Reputation: 9900
Spark 2.2.0 adds correlation support for data-frames. More information about that can be found in the pull request.
MLlib New algorithms in DataFrame-based API:
SPARK-19636: Correlation in DataFrame-based API (Scala/Java/Python)
Yet, it is entirely unclear how to use this change or what have changed comparing to previous version.

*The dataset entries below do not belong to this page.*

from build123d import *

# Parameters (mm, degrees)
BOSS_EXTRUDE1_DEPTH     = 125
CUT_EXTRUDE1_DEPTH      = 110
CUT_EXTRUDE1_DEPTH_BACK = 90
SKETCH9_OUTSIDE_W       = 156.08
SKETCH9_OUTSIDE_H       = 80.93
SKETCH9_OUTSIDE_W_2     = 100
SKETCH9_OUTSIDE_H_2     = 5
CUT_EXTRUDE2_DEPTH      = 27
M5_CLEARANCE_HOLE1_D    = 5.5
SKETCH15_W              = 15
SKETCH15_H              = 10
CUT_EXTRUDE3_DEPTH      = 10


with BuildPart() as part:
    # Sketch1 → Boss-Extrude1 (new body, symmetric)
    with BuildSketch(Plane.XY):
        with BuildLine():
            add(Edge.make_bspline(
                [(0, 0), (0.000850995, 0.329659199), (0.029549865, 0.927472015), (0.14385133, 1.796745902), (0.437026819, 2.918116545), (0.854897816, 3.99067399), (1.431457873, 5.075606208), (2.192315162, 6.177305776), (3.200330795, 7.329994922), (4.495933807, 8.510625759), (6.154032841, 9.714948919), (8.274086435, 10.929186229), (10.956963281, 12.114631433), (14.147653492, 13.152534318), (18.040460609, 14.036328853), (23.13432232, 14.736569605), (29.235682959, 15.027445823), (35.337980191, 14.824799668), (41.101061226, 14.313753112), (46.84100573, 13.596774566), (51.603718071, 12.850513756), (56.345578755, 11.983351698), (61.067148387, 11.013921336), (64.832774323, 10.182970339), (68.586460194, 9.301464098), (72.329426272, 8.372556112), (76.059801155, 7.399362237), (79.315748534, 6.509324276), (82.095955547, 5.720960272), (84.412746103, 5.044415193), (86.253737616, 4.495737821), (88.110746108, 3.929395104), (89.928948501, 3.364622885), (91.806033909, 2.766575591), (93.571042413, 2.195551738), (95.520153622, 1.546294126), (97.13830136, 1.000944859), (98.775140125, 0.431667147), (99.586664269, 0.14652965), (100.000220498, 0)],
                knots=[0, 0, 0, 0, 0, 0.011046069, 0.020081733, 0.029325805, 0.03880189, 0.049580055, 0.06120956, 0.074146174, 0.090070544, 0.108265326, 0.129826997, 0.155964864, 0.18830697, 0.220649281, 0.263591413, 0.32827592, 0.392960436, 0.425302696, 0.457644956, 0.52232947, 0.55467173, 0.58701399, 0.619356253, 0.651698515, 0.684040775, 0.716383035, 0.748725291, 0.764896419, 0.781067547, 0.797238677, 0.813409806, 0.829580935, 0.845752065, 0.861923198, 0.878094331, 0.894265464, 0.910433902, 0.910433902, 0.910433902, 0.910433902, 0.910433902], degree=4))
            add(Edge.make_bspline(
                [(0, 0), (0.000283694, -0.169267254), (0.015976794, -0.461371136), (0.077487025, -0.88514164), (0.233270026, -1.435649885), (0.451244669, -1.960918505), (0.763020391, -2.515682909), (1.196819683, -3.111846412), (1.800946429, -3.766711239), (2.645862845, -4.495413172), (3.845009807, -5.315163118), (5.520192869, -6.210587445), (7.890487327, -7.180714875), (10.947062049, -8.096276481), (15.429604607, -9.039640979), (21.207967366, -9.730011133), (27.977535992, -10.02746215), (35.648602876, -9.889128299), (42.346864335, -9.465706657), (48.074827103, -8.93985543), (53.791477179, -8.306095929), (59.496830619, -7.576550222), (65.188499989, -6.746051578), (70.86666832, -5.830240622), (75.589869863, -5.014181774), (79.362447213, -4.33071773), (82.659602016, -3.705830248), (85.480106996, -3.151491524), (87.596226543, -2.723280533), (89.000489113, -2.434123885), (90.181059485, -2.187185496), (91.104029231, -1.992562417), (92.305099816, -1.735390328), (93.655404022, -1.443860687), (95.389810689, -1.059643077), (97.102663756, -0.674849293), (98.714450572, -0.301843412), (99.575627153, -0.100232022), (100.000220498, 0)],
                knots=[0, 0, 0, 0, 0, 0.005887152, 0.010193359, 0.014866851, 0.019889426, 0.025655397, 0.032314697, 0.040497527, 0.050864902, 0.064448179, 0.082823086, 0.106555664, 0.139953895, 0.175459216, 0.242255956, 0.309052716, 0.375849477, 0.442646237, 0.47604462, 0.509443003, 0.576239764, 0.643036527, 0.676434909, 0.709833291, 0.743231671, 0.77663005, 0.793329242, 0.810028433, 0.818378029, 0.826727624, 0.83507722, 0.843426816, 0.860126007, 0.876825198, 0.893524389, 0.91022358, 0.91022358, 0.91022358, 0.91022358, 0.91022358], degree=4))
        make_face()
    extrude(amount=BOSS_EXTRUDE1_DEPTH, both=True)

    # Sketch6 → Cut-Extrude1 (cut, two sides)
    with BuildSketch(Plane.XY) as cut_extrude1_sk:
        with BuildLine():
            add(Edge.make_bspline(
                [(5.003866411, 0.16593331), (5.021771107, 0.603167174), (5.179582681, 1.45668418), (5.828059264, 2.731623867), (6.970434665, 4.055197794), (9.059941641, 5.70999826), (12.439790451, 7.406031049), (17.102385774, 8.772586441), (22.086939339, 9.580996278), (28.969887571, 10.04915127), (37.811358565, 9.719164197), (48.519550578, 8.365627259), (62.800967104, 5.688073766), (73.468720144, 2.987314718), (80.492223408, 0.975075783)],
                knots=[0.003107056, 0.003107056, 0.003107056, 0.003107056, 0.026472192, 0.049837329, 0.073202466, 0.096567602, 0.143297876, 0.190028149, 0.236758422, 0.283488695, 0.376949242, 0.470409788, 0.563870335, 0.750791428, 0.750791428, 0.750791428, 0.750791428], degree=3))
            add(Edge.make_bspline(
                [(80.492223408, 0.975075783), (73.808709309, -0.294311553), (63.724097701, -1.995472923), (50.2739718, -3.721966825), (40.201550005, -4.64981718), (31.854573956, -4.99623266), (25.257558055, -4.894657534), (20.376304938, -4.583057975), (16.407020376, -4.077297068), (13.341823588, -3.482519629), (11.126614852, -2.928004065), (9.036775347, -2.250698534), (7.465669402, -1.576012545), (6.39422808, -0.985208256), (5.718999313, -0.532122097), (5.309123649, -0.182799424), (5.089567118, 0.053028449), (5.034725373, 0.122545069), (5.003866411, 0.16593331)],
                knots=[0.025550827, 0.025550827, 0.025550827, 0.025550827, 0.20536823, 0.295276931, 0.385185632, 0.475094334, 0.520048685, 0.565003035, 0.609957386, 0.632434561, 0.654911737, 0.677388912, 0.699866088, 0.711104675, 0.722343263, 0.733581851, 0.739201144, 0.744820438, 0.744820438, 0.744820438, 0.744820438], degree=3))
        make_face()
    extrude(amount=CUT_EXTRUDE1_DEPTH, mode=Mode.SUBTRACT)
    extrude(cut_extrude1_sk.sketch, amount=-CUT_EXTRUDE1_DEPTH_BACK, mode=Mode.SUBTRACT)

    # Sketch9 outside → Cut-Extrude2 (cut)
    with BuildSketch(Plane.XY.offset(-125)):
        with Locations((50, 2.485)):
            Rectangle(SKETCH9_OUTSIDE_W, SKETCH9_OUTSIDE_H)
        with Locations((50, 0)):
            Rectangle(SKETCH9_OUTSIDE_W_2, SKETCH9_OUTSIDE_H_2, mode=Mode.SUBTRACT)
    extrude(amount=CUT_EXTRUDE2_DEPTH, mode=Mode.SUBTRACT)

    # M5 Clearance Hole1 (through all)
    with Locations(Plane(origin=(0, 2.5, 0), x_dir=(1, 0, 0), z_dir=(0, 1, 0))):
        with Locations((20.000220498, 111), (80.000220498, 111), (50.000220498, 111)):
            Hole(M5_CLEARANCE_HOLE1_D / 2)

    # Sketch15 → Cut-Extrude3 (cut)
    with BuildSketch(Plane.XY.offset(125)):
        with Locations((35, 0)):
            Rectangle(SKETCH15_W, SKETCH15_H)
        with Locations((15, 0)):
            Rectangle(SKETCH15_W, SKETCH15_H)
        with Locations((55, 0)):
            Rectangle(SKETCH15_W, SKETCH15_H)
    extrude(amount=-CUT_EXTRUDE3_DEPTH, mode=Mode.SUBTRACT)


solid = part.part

I expected something like:
df_num = spark.read.parquet('/dataframe')
df_cat.printSchema()
df_cat.show()
df_num.corr(col1='features', col2='fail_mode_meas')
root
|-- features: vector (nullable = true)
|-- fail_mode_meas: double (nullable = true)
+--------------------+--------------+
| features|fail_mode_meas|
+--------------------+--------------+
|[0.0,0.5,0.0,0.0,...| 22.7|
|[0.9,0.0,0.7,0.0,...| 0.1|
|[0.0,5.1,1.0,0.0,...| 2.0|
|[0.0,0.0,0.0,0.0,...| 3.1|
|[0.1,0.0,0.0,1.7,...| 0.0|
...
pyspark.sql.utils.IllegalArgumentException: 'requirement failed: Currently correlation calculation for columns with dataType org.apach
e.spark.ml.linalg.VectorUDT not supported.'
Can someone explain how to take advantage of the new Spark 2.2.0 feature for correlation in dataframes?
Upvotes: 8
Views: 23092
Reputation: 345
Try this to get correlation between all variables-
from pyspark.mllib.stat import Statistics
corr_mat=Statistics.corr(features, method="pearson")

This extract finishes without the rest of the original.